- WHAT TO DO
In the answer, each line from the top of the material through the line that contains "doc.styles.add('@ＭＳ ゴシック', font='')" is restated exactly. No picture is given again.

- DATA LISTING
#####

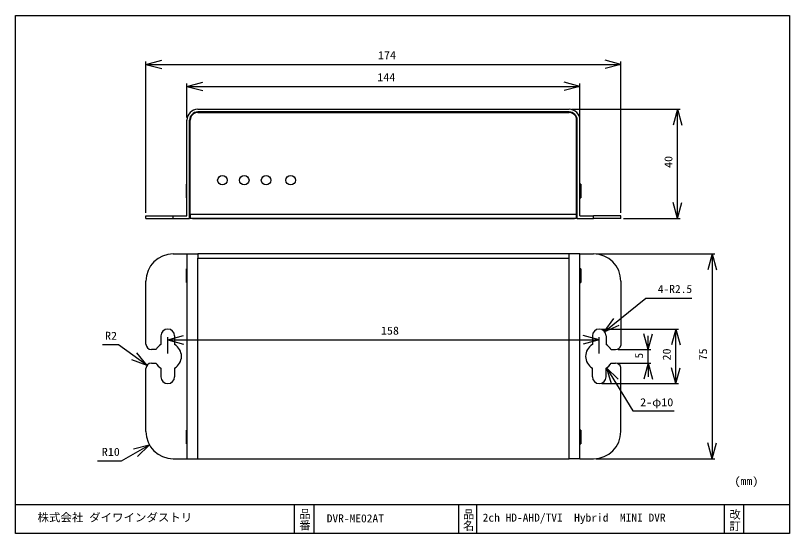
# Model space of a CAD drawing. Units: millimetres, scale not verified. Extents: x -290 to -7, y -203 to -14.
import ezdxf
from ezdxf.enums import TextEntityAlignment as Align

# ---------------------------------------------------------------- set-up
doc = ezdxf.new("R2010")
doc.units = ezdxf.units.MM
doc.header["$LTSCALE"] = 2
doc.layers.add('0-0_0', color=4, linetype='Continuous')
doc.styles.add('@ＭＳ ゴシック', font='')
doc.styles.add('ＭＳ ゴシック', font='')
doc.styles.get('@ＭＳ ゴシック').set_extended_font_data('@MS Gothic')
doc.styles.get('ＭＳ ゴシック').set_extended_font_data('MS Gothic')

msp = doc.modelspace()

# ---------------------------------------------------------------- linework, layer by layer
at = {"layer": '0-0_0'}
for p, q in [((-242.486, -31.485), (-236.691, -29.932)), ((-242.486, -85.911), (-242.486, -30.485)), ((-68.486, -31.485), (-74.282, -29.932)), ((-68.486, -85.911), (-68.486, -30.485)), ((-242.486, -31.485), (-68.486, -31.485)), ((-242.486, -31.485), (-236.691, -33.038)), ((-68.486, -31.485), (-74.282, -33.038)), ((-227.486, -39.552), (-221.691, -37.999)), ((-227.486, -50.911), (-227.486, -38.552)), ((-227.486, -39.552), (-83.486, -39.552)), ((-227.486, -39.552), (-221.691, -41.105)), ((-83.486, -39.552), (-89.282, -37.999)), ((-83.486, -39.552), (-89.282, -41.105)), ((-83.486, -50.911), (-83.486, -38.552)), ((-223.486, -47.911), (-87.486, -47.911)), ((-86.486, -47.911), (-46.727, -47.911)), ((-47.727, -47.911), (-49.28, -53.706)), ((-47.727, -87.911), (-47.727, -47.911)), ((-47.727, -47.911), (-46.174, -53.706)), ((-223.486, -48.911), (-223.486, -49.111)), ((-87.486, -48.911), (-223.486, -48.911)), ((-223.486, -49.111), (-87.486, -49.111)), ((-87.486, -48.911), (-87.486, -49.111)), ((-227.486, -86.911), (-227.486, -51.911)), ((-226.486, -87.911), (-226.486, -51.911)), ((-226.286, -86.411), (-226.286, -51.911)), ((-84.686, -86.411), (-84.686, -51.911)), ((-84.486, -87.911), (-84.486, -51.911)), ((-83.486, -86.911), (-83.486, -51.911)), ((-227.586, -80.411), (-227.586, -75.411)), ((-227.486, -75.411), (-227.586, -75.411)), ((-83.286, -80.411), (-83.286, -75.411)), ((-83.186, -75.411), (-83.186, -80.411)), ((-227.586, -80.411), (-227.486, -80.411)), ((-227.586, -80.411), (-227.486, -80.411)), ((-83.486, -80.211), (-83.286, -80.411)), ((-83.286, -80.411), (-83.186, -80.411)), ((-47.727, -87.911), (-49.28, -82.115)), ((-47.727, -87.911), (-46.174, -82.115)), ((-242.486, -86.911), (-232.486, -86.911)), ((-242.486, -87.911), (-242.486, -86.911)), ((-232.486, -86.911), (-227.486, -86.911)), ((-232.486, -87.911), (-226.486, -87.911)), ((-226.286, -86.411), (-226.286, -87.825)), ((-226.286, -87.911), (-226.286, -87.825)), ((-226.286, -87.825), (-225.286, -87.825)), ((-84.686, -87.911), (-226.286, -87.911)), ((-225.286, -87.911), (-225.286, -87.825)), ((-85.686, -87.825), (-84.686, -87.825)), ((-84.686, -87.825), (-84.686, -87.911)), ((-83.486, -86.911), (-78.486, -86.911)), ((-68.486, -86.911), (-78.486, -86.911)), ((-68.486, -87.911), (-78.486, -87.911)), ((-68.486, -87.911), (-68.486, -86.911)), ((-67.486, -87.911), (-46.727, -87.911)), ((-232.486, -100.908), (-227.486, -100.908)), ((-227.486, -100.908), (-223.486, -100.908)), ((-227.486, -100.908), (-227.486, -175.908)), ((-87.486, -100.908), (-223.486, -100.908)), ((-223.486, -100.908), (-223.486, -102.408)), ((-83.486, -100.908), (-87.486, -100.908)), ((-87.486, -102.408), (-87.486, -100.908)), ((-87.486, -100.994), (-87.486, -100.939)), ((-83.486, -175.908), (-83.486, -100.908)), ((-83.486, -100.908), (-78.486, -100.908)), ((-77.486, -100.908), (-34.04, -100.908)), ((-35.04, -100.908), (-36.593, -106.704)), ((-35.04, -100.908), (-35.04, -175.908)), ((-35.04, -100.908), (-33.487, -106.704)), ((-87.486, -175.908), (-87.486, -102.408)), ((-227.586, -111.408), (-227.586, -106.408)), ((-227.586, -106.408), (-227.486, -106.408)), ((-227.486, -106.408), (-227.486, -111.408)), ((-83.486, -106.608), (-83.286, -106.408)), ((-83.186, -106.408), (-83.286, -106.408)), ((-83.286, -111.408), (-83.286, -106.408)), ((-83.186, -106.408), (-83.186, -111.408)), ((-242.486, -133.908), (-242.486, -110.908)), ((-227.486, -111.408), (-227.586, -111.408)), ((-83.286, -111.408), (-83.486, -111.208)), ((-83.286, -111.408), (-83.186, -111.408)), ((-68.486, -110.908), (-68.486, -134.384)), ((-74.578, -129.409), (-59.379, -117.093)), ((-59.379, -117.093), (-42.522, -117.093)), ((-74.578, -129.409), (-71.053, -124.553)), ((-74.578, -129.409), (-69.098, -126.966)), ((-75.489, -128.409), (-47.351, -128.409)), ((-58.497, -135.908), (-60.05, -130.113)), ((-58.497, -135.908), (-56.944, -130.113)), ((-48.351, -128.409), (-49.904, -134.205)), ((-48.351, -148.408), (-48.351, -128.409)), ((-48.351, -128.409), (-46.798, -134.205)), ((-236.986, -130.908), (-236.986, -134.078)), ((-234.486, -132.337), (-228.691, -130.784)), ((-234.486, -137.408), (-234.486, -131.337)), ((-234.486, -132.337), (-76.489, -132.337)), ((-234.486, -132.337), (-228.691, -133.89)), ((-231.986, -130.908), (-231.986, -134.078)), ((-76.489, -132.337), (-82.284, -130.784)), ((-76.489, -132.337), (-82.284, -133.89)), ((-78.929, -130.908), (-78.929, -134.078)), ((-76.489, -137.408), (-76.489, -131.337)), ((-73.929, -130.908), (-73.929, -134.078)), ((-58.497, -135.908), (-58.497, -130.908)), ((-252.549, -134.217), (-258.406, -134.217)), ((-242.091, -141.752), (-252.549, -134.217)), ((-238.816, -135.908), (-240.486, -135.908)), ((-72.099, -135.908), (-70.429, -135.908)), ((-69.429, -135.908), (-57.497, -135.908)), ((-58.497, -140.908), (-58.497, -135.908)), ((-242.091, -141.752), (-245.886, -137.104)), ((-242.091, -141.752), (-247.701, -139.624)), ((-240.486, -140.908), (-238.816, -140.908)), ((-72.099, -140.908), (-70.429, -140.908)), ((-69.429, -140.908), (-57.497, -140.908)), ((-58.497, -140.908), (-60.05, -146.704)), ((-58.497, -140.908), (-58.497, -145.908)), ((-58.497, -140.908), (-56.944, -146.704)), ((-242.486, -165.908), (-242.486, -142.908)), ((-236.986, -142.738), (-236.986, -145.908)), ((-231.986, -142.738), (-231.986, -145.908)), ((-78.929, -145.908), (-78.929, -142.738)), ((-73.929, -145.908), (-73.929, -142.738)), ((-73.812, -142.638), (-64.062, -158.398)), ((-73.812, -142.638), (-69.442, -146.749)), ((-73.812, -142.638), (-72.084, -148.383)), ((-68.486, -165.908), (-68.486, -142.432)), ((-48.351, -148.408), (-49.904, -142.613)), ((-48.351, -148.408), (-46.798, -142.613)), ((-75.429, -148.408), (-47.351, -148.408)), ((-64.062, -158.398), (-48.92, -158.398)), ((-227.586, -170.408), (-227.586, -165.408)), ((-227.586, -165.408), (-227.486, -165.408)), ((-227.486, -165.408), (-227.486, -170.408)), ((-83.486, -165.608), (-83.286, -165.408)), ((-83.186, -165.408), (-83.286, -165.408)), ((-83.286, -170.408), (-83.286, -165.408)), ((-83.186, -165.408), (-83.186, -170.408)), ((-35.04, -175.908), (-36.593, -170.113)), ((-35.04, -175.908), (-33.487, -170.113)), ((-241.271, -170.892), (-251.558, -176.729)), ((-241.271, -170.892), (-247.078, -172.402)), ((-241.271, -170.892), (-245.545, -175.103)), ((-227.486, -170.408), (-227.586, -170.408)), ((-83.286, -170.408), (-83.486, -170.208)), ((-83.286, -170.408), (-83.186, -170.408)), ((-251.558, -176.729), (-260.272, -176.729)), ((-232.486, -175.908), (-227.486, -175.908)), ((-227.486, -175.908), (-223.486, -175.908)), ((-226.286, -175.908), (-223.486, -175.908)), ((-223.486, -175.908), (-87.486, -175.908)), ((-223.486, -175.908), (-87.486, -175.908)), ((-83.486, -175.908), (-87.486, -175.908)), ((-84.686, -175.908), (-87.486, -175.908)), ((-83.486, -175.908), (-78.486, -175.908)), ((-77.486, -175.908), (-34.04, -175.908)), ((-6.697, -192.795), (-290.303, -192.791)), ((-188.181, -192.959), (-188.181, -203.28)), ((-181.046, -192.959), (-181.046, -203.28)), ((-127.99, -192.959), (-127.99, -203.28)), ((-121.408, -192.959), (-121.408, -203.28)), ((-30.626, -192.959), (-30.626, -203.28)), ((-23.513, -192.959), (-23.513, -203.28))]:
    msp.add_line(p, q, dxfattribs=at)
msp.add_lwpolyline([(-290.303, -13.595), (-6.697, -13.595), (-6.697, -203.28), (-290.303, -203.28)], close=True, dxfattribs=at)
for points in [[(-83.186, -75.411), (-83.286, -75.411), (-83.486, -75.611)], [(-83.486, -80.211), (-83.286, -80.411), (-83.186, -80.411)], [(-242.486, -87.911), (-232.486, -87.911), (-232.486, -86.911)], [(-84.686, -87.825), (-84.686, -86.411), (-226.286, -86.411)], [(-225.286, -87.911), (-85.686, -87.911), (-85.686, -87.825)], [(-84.486, -87.911), (-78.486, -87.911), (-78.486, -86.911)], [(-223.486, -175.908), (-223.486, -102.408), (-87.486, -102.408)]]:
    msp.add_lwpolyline(points, dxfattribs=at)
for centre in [(-214.486, -73.911), (-206.486, -73.911), (-198.486, -73.911), (-189.486, -73.911)]:
    msp.add_circle(centre, 1.75, dxfattribs=at)
for centre, radius, start, end in [((-223.486, -51.911), 4, 90, 180), ((-87.486, -51.911), 4, 0, 90), ((-223.486, -51.911), 3, 90, 180), ((-223.486, -51.911), 2.8, 90, 180), ((-87.486, -51.911), 3, 0, 90), ((-87.486, -51.911), 2.8, 0, 90), ((-225.286, -86.911), 1, 246.1048, 270), ((-85.686, -86.911), 1, 270, 293.90245), ((-232.486, -110.908), 10, 90, 180), ((-78.486, -110.908), 10, 0, 90), ((-234.486, -130.908), 2.5, 0, 180), ((-76.429, -130.908), 2.5, 0, 180), ((-240.486, -133.908), 2, 180, 270), ((-234.486, -138.408), 5, 120, 150), ((-234.486, -138.408), 5, 300, 60), ((-76.429, -138.408), 5, 120, 240), ((-76.429, -138.408), 5, 30, 60), ((-70.429, -133.908), 2, 270, 346.23106), ((-240.486, -142.908), 2, 90, 180), ((-234.486, -138.408), 5, 210, 240), ((-76.429, -138.408), 5, 300, 330), ((-70.429, -142.908), 2, 13.76894, 90), ((-234.486, -145.908), 2.5, 180, 0), ((-76.429, -145.908), 2.5, 180, 0), ((-232.486, -165.908), 10, 180, 270), ((-78.486, -165.908), 10, 270, 0)]:
    msp.add_arc(centre, radius, start, end, dxfattribs=at)

# ---------------------------------------------------------------- texts
at = {"layer": '0-0_0', "style": 'ＭＳ ゴシック'}
for s, width, p in [('174', 1.1, (-157.479, -30.485)), ('144', 1.1, (-157.736, -38.552)), ('4-R2.5', 1.05, (-54.951, -116.093)), ('158', 1.1, (-156.396, -131.337)), ('R2', 1.1, (-257.477, -133.217)), ('2-φ10', 1.1, (-61.406, -157.56)), ('R10', 1.1, (-258.665, -175.729)), ('(mm)', 1.1, (-26.884, -186.414)), ('株式会社 ダイワインダストリ', 1.05, (-282.226, -199.763)), ('DVR-ME02AT', 1.05, (-176.262, -200.074)), ('2ch HD-AHD/TVI  Hybrid  MINI DVR', 1.05, (-119.128, -199.805))]:
    msp.add_text(s, height=2.933, dxfattribs=dict(at, width=width)).set_placement(p, align=Align.BOTTOM_LEFT)
at = {"layer": '0-0_0'}
for s, rotation, style, width, p in [('40', 90, 'ＭＳ ゴシック', 1.1, (-48.727, -69.411)), ('20', 90, 'ＭＳ ゴシック', 1.1, (-49.351, -139.909)), ('75', 90, 'ＭＳ ゴシック', 1.1, (-36.04, -139.908)), ('品番', 270, '@ＭＳ ゴシック', 1.05, (-186.667, -193.95)), ('品名', 270, '@ＭＳ ゴシック', 1.05, (-126.696, -194.093)), ('改訂', 270, '@ＭＳ ゴシック', 1.05, (-29.091, -194.163))]:
    msp.add_text(s, height=2.933, rotation=rotation, dxfattribs=dict(at, style=style, width=width)).set_placement(p, align=Align.BOTTOM_LEFT)
at = {"layer": '0-0_0', "style": 'ＭＳ ゴシック'}
msp.add_text('5', height=2.933, rotation=90, dxfattribs=at).set_placement((-59.497, -139.158), align=Align.BOTTOM_LEFT)

doc.saveas('drawing.dxf')

#####

- SOLUTION FOR THIS TASK
# Model space of a CAD drawing. Units: millimetres, scale not verified. Extents: x -290 to -7, y -203 to -14.
import ezdxf
from ezdxf.enums import TextEntityAlignment as Align

# ---------------------------------------------------------------- set-up
doc = ezdxf.new("R2010")
doc.units = ezdxf.units.MM
doc.header["$LTSCALE"] = 2
doc.layers.add('0-0_0', color=4, linetype='Continuous')
doc.styles.add('@ＭＳ ゴシック', font='')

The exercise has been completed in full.